Obesity is associated with increased blood concentrations of the anorexigenic hormone leptin; however, obese individuals are resistant to its anorexigenic effects. An international team of researchers has found that mice fed a high-fat diet produce an enzyme named matrix metalloproteinase-2 (MMP-2) that clips receptors for leptin from the surface of neuronal cells in the hypothalamus; this blocks leptin from binding to its receptors; this in turn keeps the neurons from signaling that your stomach is full and you should stop eating. The results, published in the journal Science Translational Medicine, suggest that targeting MMP-2 might be an effective strategy for treating obesity by restoring the anorexigenic effects of leptin.
Mazor et al showed that, in rodents, obesity induced matrix MMP-2 activation in the hypothalamus. In turn, MMP-2 activation reduced leptin-mediated signaling by promoting leptin receptor degradation. MMP-2 deletion in the hypothalamus increased leptin receptor expression and reduced fat accumulation in mice fed a high-fat diet. Image credit: Mazor et al, doi: 10.1126/scitranslmed.aah6324.
Leptin molecules are released from white fat tissue during a meal. They travel through the blood stream into the brain, specifically the hypothalamus, where they stimulate neural receptors to signal that the stomach is full. People who are obese often have plenty of leptin in their blood, but it fails to lead to signaling satiety.
Leptin resistance is a known process associated with obesity, but the molecular mechanisms by which it occurs were not understood.
“We opened a new field of study for metabolic disease.

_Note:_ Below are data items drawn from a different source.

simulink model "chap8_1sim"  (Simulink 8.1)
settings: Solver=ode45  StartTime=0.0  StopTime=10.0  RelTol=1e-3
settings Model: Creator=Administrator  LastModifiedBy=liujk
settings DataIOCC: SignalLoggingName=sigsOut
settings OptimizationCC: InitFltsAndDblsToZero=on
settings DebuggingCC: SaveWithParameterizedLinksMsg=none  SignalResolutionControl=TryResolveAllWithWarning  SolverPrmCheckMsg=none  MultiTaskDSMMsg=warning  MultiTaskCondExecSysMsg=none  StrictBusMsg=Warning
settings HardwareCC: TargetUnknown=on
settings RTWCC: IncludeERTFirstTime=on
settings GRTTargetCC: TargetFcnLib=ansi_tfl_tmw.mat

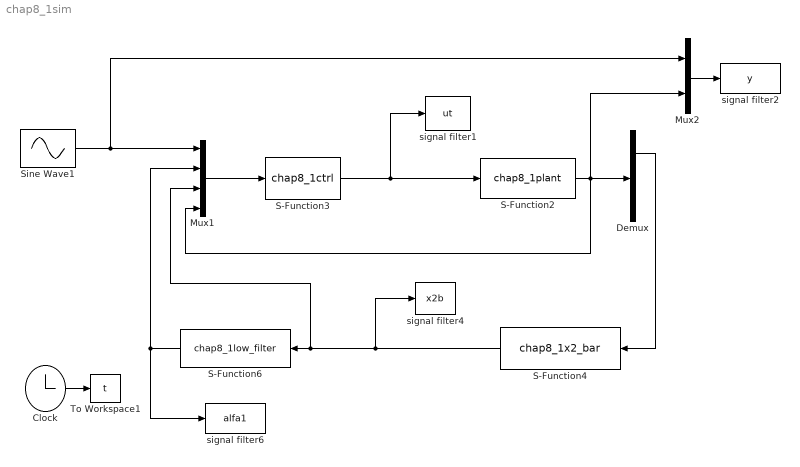
== system chap8_1sim ==
  Clock : Clock
  Demux : Demux  Outputs=2
  Mux1 : Mux
  Mux2 : Mux  Inputs=2
  S-Function2 : S-Function  FunctionName=chap8_1plant  EnableBusSupport=off
  S-Function3 : S-Function  FunctionName=chap8_1ctrl  EnableBusSupport=off
  S-Function4 : S-Function  FunctionName=chap8_1x2_bar  EnableBusSupport=off
  S-Function6 : S-Function  FunctionName=chap8_1low_filter  EnableBusSupport=off
  Sine Wave1 : Sin  SampleTime=0
  To Workspace1 : ToWorkspace  VariableName=t  SampleTime=-1
  signal filter1 : ToWorkspace  VariableName=ut  SampleTime=-1
  signal filter2 : ToWorkspace  VariableName=y  SampleTime=-1
  signal filter4 : ToWorkspace  VariableName=x2b  SampleTime=-1
  signal filter6 : ToWorkspace  VariableName=alfa1  SampleTime=-1
  wires:
  Clock/1 -> To Workspace1/1
  Mux1/1 -> S-Function3/1
  S-Function4/1 -> S-Function6/1, Mux1/3, signal filter4/1
  Sine Wave1/1 -> Mux1/1, Mux2/1
  S-Function6/1 -> Mux1/2, signal filter6/1
  S-Function2/1 -> Demux/1, Mux1/4, Mux2/2
  Demux/1 -> S-Function4/1
  Mux2/1 -> signal filter2/1
  S-Function3/1 -> S-Function2/1, signal filter1/1

We need to ask what other pathways, in addition to leptin and its receptors, undergo a similar destructive process and what the consequences might be,” said co-lead author Dr. Rafi Mazor, a researcher in the Department of Bioengineering at the University of California, San Diego.
While other research efforts have focused on studying pathways that block leptin from doing its job, Dr. Mazor and colleagues decided to investigate the leptin receptor in the brain itself.
“Our hypothesis was that an enzyme breaking down proteins into amino acids and polypeptides can cleave membrane receptors and lead to dysfunctional activity,” Dr. Mazor explained.
“We’re calling for a large-scale clinical trial to investigate whether MMP-2 inhibitors might help people lose weight.”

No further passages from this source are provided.